→ **Required work**
Only these lines, please: the first one of the records through the one containing "HL0, HL1, HL2, HL3: B2P-VH", retyped exactly, both ends included and pictures omitted.

→ **Records from a data collection**
────────

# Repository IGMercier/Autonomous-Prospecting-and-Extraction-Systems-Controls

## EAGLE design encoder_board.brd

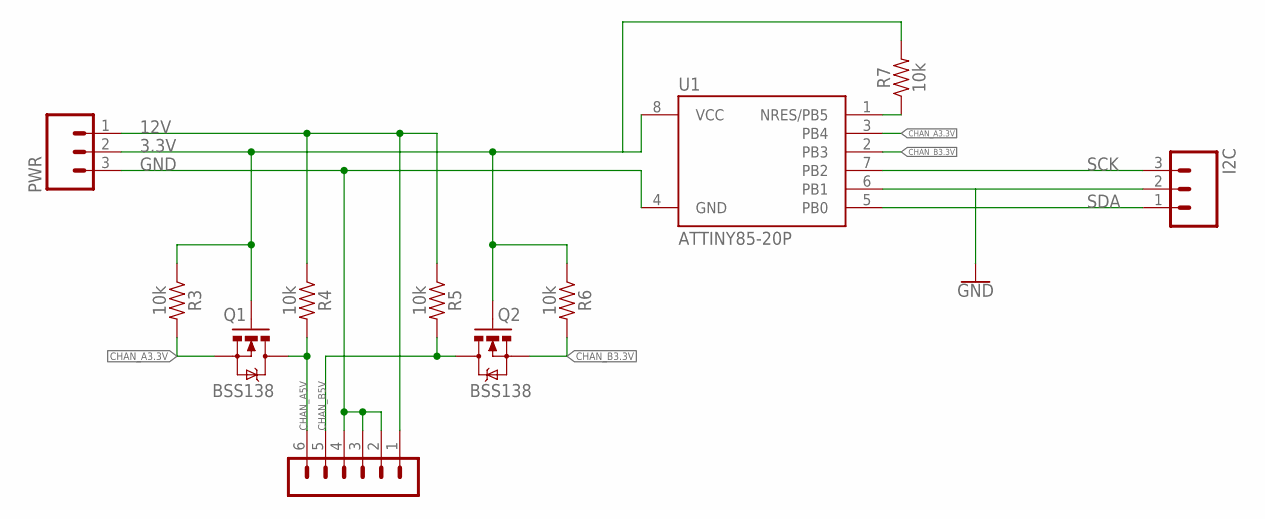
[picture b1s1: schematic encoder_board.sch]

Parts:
ENCODER: B6B-EH-A
I2C: CONN_03JST-PTH-VERT; JST-3-PTH-VERT
PWR: CONN_03JST-PTH-VERT; JST-3-PTH-VERT
Q1, Q2: BSS138; SOT23-3
R3, R4, R5, R6, R7: 10k; AXIAL-0.3
U1: ATTINY85-20P; PDIP08_300MIL

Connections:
3.3V: PWR.2, Q1.1 (G), Q2.1 (G), R3.P$1 (1), R6.P$1 (1), R7.P$2 (2), U1.8 (VCC)
12V: ENCODER.1, PWR.1, R4.P$1 (1), R5.P$1 (1)
CHAN_A3.3V: Q1.2 (S), R3.P$2 (2), U1.3 (PB4)
CHAN_A5V: ENCODER.6, Q1.3 (D), R4.P$2 (2)
CHAN_B3.3V: Q2.2 (S), R6.P$2 (2), U1.2 (PB3)
CHAN_B5V: ENCODER.5, Q2.3 (D), R5.P$2 (2)
GND: ENCODER.2, ENCODER.3, ENCODER.4, I2C.2, PWR.3, U1.4 (GND), U1.6 (PB1)
unnamed: R7.P$1 (1), U1.1 (NRES/PB5)
SCK: I2C.3, U1.7 (PB2)
SDA: I2C.1, U1.5 (PB0)

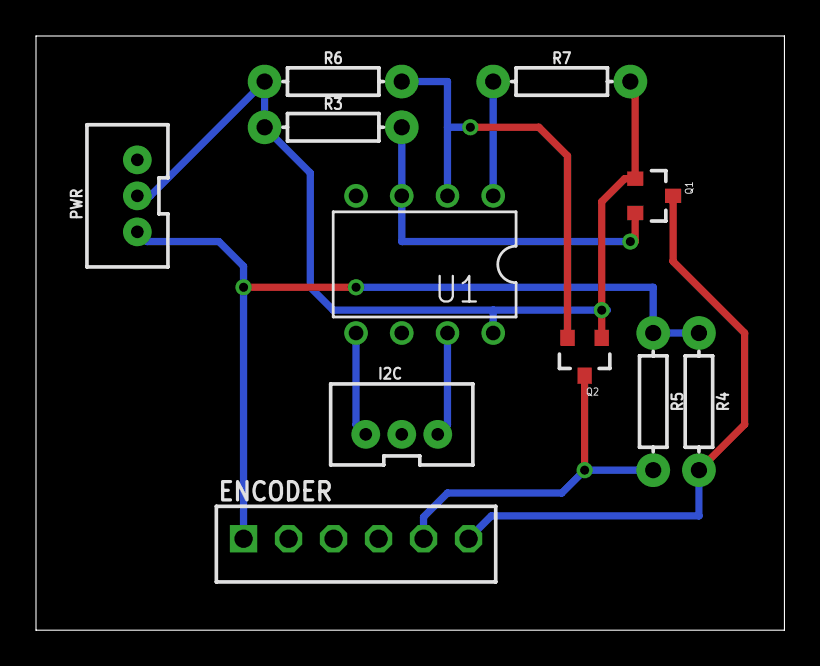
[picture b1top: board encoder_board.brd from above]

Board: 2 copper layers, 41.6 x 33.0 mm, 11 parts (0 on the bottom side), 10 nets.

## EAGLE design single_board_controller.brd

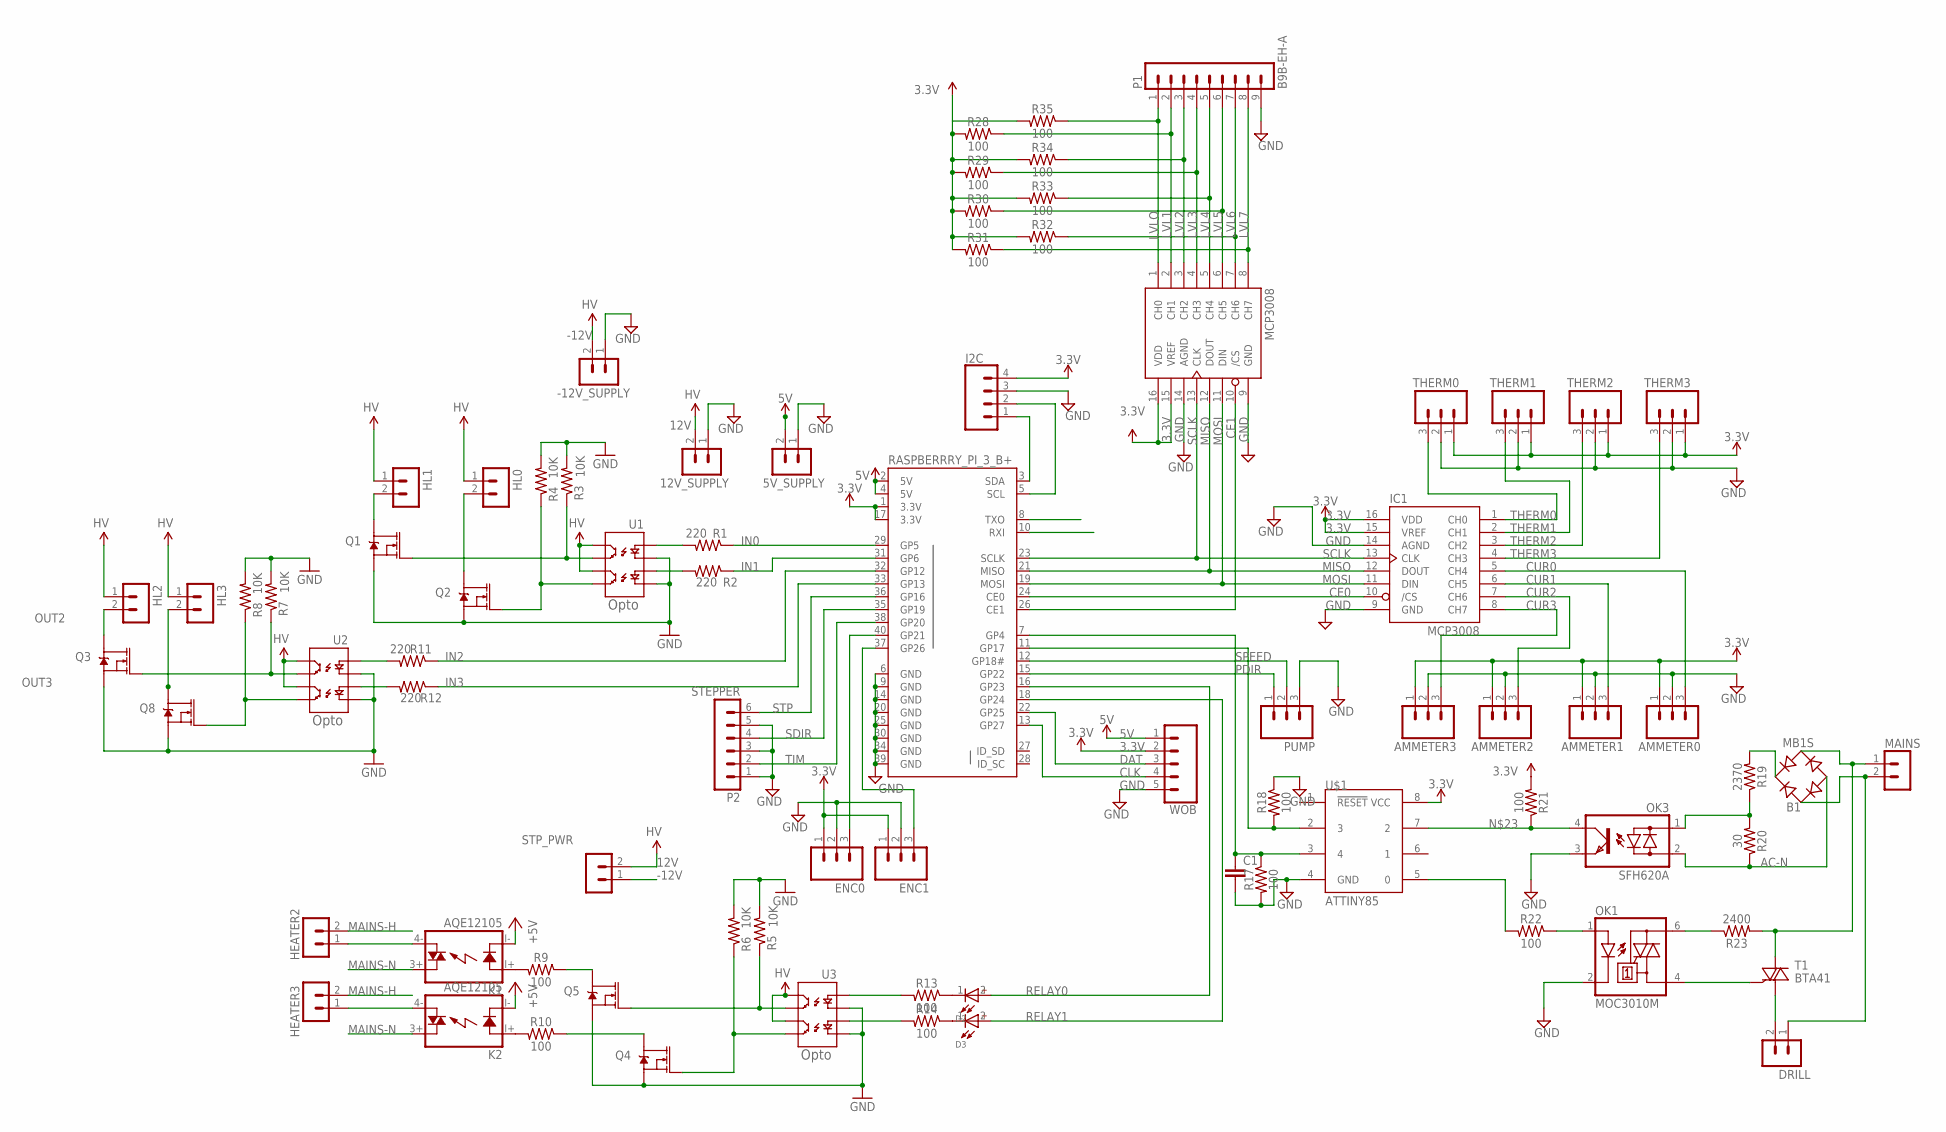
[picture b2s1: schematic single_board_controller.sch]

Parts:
5V_SUPPLY, 12V_SUPPLY: B2P-VH
-12V_SUPPLY: B2P-VH
AMMETER0, AMMETER1, AMMETER2, AMMETER3: CONN_03JST-PTH-VERT; JST-3-PTH-VERT
B1: MB1S; SOIC-4
C1: C; C0805
D2, D3: WL-SMRW_1206_156120YS75000-Y; WL-SMRW-1206-RECT
DRILL: B2P-VH
ENC0, ENC1: CONN_03JST-PTH-VERT; JST-3-PTH-VERT
HEATER2, HEATER3: B2P-VH
HL0, HL1, HL2, HL3: B2P-VH
I2C: CONN_04JST-PTH-VERT; JST-4-PTH-VERT
IC1, IC2: MCP3008; DIL16
K1, K2: AQE12105; AQE
MAINS: B2P-VH
OK1: MOC3010M; DIL06
OK3: SFH620A; DIL04
P1: B9B-EH-A
P2: STEPPER; B6B-EH-A
PUMP: CONN_03JST-PTH-VERT; JST-3-PTH-VERT
Q1, Q2, Q3, Q4, Q5, Q8: 35A/25V/8.5mΩ; DPAK
R1, R2, R11, R12: 220; 0603-RES
R3, R4, R5, R6, R7, R8: 10K; 0603-RES
R9, R10, R13, R14, R17, R18, R21, R22, R28, R29, R30, R31, R32, R33, R34, R35: 100; 0805
R19: 2370; 0805
R20: 30; 0805
R23: 2400; 0805
RASPBERRRY_PI_3_B+: RASPBERRYPI-40-PIN-GPIO_PTH_NO_SHROUD; 2X20
STP_PWR: B2P-VH
T1: BTA41; TOP3S-1
THERM0, THERM1, THERM2, THERM3: CONN_03JST-PTH-VERT; JST-3-PTH-VERT
U1, U2, U3: OPTOISOLATOR-2SOIC8; SO08-2
U$1: ATTINY85; 8P3
WOB: CONN_05JST-VERT; JST-5-PTH-VERT

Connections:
3.3V: AMMETER0.1, AMMETER1.1, AMMETER2.1, AMMETER3.1, ENC0.1, ENC1.1, I2C.4, IC1.15 (VREF), IC1.16 (VDD), IC2.15 (VREF), IC2.16 (VDD), R21.2, R28.2, R29.2, R30.2, R31.2, R32.2, R33.2, R34.2, R35.2, RASPBERRRY_PI_3_B+.1 (3.3V), RASPBERRRY_PI_3_B+.17 (3.3V), THERM0.1, THERM1.1, THERM2.1, THERM3.1, U$1.8 (VCC), WOB.2
5V: 5V_SUPPLY.2, RASPBERRRY_PI_3_B+.2 (5V), RASPBERRRY_PI_3_B+.4 (5V), WOB.1
-12V: -12V_SUPPLY.2, STP_PWR.1
AC-N: B1.-, OK3.2 (AC2), R20.1
CE0: IC1.10 (/CS), RASPBERRRY_PI_3_B+.24 (CE0)
CE1: IC2.10 (/CS), RASPBERRRY_PI_3_B+.26 (CE1)
CLK: RASPBERRRY_PI_3_B+.13 (GP27), WOB.4
CONTROL: R18.2, RASPBERRRY_PI_3_B+.11 (GP17), U$1.2 (3)
CUR0: AMMETER0.3, IC1.5 (CH4)
CUR1: AMMETER1.3, IC1.6 (CH5)
CUR2: AMMETER2.3, IC1.7 (CH6)
CUR3: AMMETER3.3, IC1.8 (CH7)
DAT: RASPBERRRY_PI_3_B+.22 (GP25), WOB.3
GND: 5V_SUPPLY.1, 12V_SUPPLY.1, -12V_SUPPLY.1, AMMETER0.2, AMMETER1.2, AMMETER2.2, AMMETER3.2, C1.2, ENC0.2, ENC1.2, I2C.3, IC1.9 (GND), IC1.14 (AGND), IC2.9 (GND), IC2.14 (AGND), OK1.2 (C), OK3.3 (E), P1.9, P2.1, P2.3, P2.5, PUMP.3, Q1.3 (S), Q2.3 (S), Q3.3 (S), Q4.3 (S), Q5.3 (S), Q8.3 (S), R3.2, R4.2, R5.2, R6.2, R7.2, R8.2, R17.2, R18.1, RASPBERRRY_PI_3_B+.6 (GND), RASPBERRRY_PI_3_B+.9 (GND), RASPBERRRY_PI_3_B+.14 (GND), RASPBERRRY_PI_3_B+.20 (GND), RASPBERRRY_PI_3_B+.25 (GND), RASPBERRRY_PI_3_B+.30 (GND), RASPBERRRY_PI_3_B+.34 (GND), RASPBERRRY_PI_3_B+.39 (GND), THERM0.2, THERM1.2, THERM2.2, THERM3.2, U1.2 (C1), U1.4 (C2), U2.2 (C1), U2.4 (C2), U3.2 (C1), U3.4 (C2), U$1.4 (GND), WOB.5
IN0: R1.1, RASPBERRRY_PI_3_B+.29 (GP5)
IN1: R2.1, RASPBERRRY_PI_3_B+.31 (GP6)
IN2: R11.1, RASPBERRRY_PI_3_B+.32 (GP12)
IN3: R12.1, RASPBERRRY_PI_3_B+.33 (GP13)
LVL1: IC2.2 (CH1), P1.2, R28.1
LVL2: IC2.3 (CH2), P1.3, R34.1
LVL3: IC2.4 (CH3), P1.4, R29.1
LVL4: IC2.5 (CH4), P1.5, R33.1
LVL5: IC2.6 (CH5), P1.6, R30.1
LVL6: IC2.7 (CH6), P1.7, R32.1
LVL7: IC2.8 (CH7), P1.8, R31.1
LVLO: IC2.1 (CH0), P1.1, R35.1
MAINS-H: B1.~2 (AC2), HEATER2.2, HEATER3.2, MAINS.1, R23.2, T1.A2
MAINS-N: B1.~1 (AC1), DRILL.1, K1.3+ (DS1), K2.3+ (DS1), MAINS.2
MISO: IC1.12 (DOUT), IC2.12 (DOUT), RASPBERRRY_PI_3_B+.21 (MISO)
MOSI: IC1.11 (DIN), IC2.11 (DIN), RASPBERRRY_PI_3_B+.19 (MOSI)
unnamed: R1.2, U1.1 (A1)
unnamed: R2.2, U1.3 (A2)
unnamed: R11.2, U2.1 (A1)
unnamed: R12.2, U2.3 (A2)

────────

→ **Task response**
# Repository IGMercier/Autonomous-Prospecting-and-Extraction-Systems-Controls

## EAGLE design encoder_board.brd

[picture b1s1: schematic encoder_board.sch]

Parts:
ENCODER: B6B-EH-A
I2C: CONN_03JST-PTH-VERT; JST-3-PTH-VERT
PWR: CONN_03JST-PTH-VERT; JST-3-PTH-VERT
Q1, Q2: BSS138; SOT23-3
R3, R4, R5, R6, R7: 10k; AXIAL-0.3
U1: ATTINY85-20P; PDIP08_300MIL

Connections:
3.3V: PWR.2, Q1.1 (G), Q2.1 (G), R3.P$1 (1), R6.P$1 (1), R7.P$2 (2), U1.8 (VCC)
12V: ENCODER.1, PWR.1, R4.P$1 (1), R5.P$1 (1)
CHAN_A3.3V: Q1.2 (S), R3.P$2 (2), U1.3 (PB4)
CHAN_A5V: ENCODER.6, Q1.3 (D), R4.P$2 (2)
CHAN_B3.3V: Q2.2 (S), R6.P$2 (2), U1.2 (PB3)
CHAN_B5V: ENCODER.5, Q2.3 (D), R5.P$2 (2)
GND: ENCODER.2, ENCODER.3, ENCODER.4, I2C.2, PWR.3, U1.4 (GND), U1.6 (PB1)
unnamed: R7.P$1 (1), U1.1 (NRES/PB5)
SCK: I2C.3, U1.7 (PB2)
SDA: I2C.1, U1.5 (PB0)

[picture b1top: board encoder_board.brd from above]

Board: 2 copper layers, 41.6 x 33.0 mm, 11 parts (0 on the bottom side), 10 nets.

## EAGLE design single_board_controller.brd

[picture b2s1: schematic single_board_controller.sch]

Parts:
5V_SUPPLY, 12V_SUPPLY: B2P-VH
-12V_SUPPLY: B2P-VH
AMMETER0, AMMETER1, AMMETER2, AMMETER3: CONN_03JST-PTH-VERT; JST-3-PTH-VERT
B1: MB1S; SOIC-4
C1: C; C0805
D2, D3: WL-SMRW_1206_156120YS75000-Y; WL-SMRW-1206-RECT
DRILL: B2P-VH
ENC0, ENC1: CONN_03JST-PTH-VERT; JST-3-PTH-VERT
HEATER2, HEATER3: B2P-VH
HL0, HL1, HL2, HL3: B2P-VH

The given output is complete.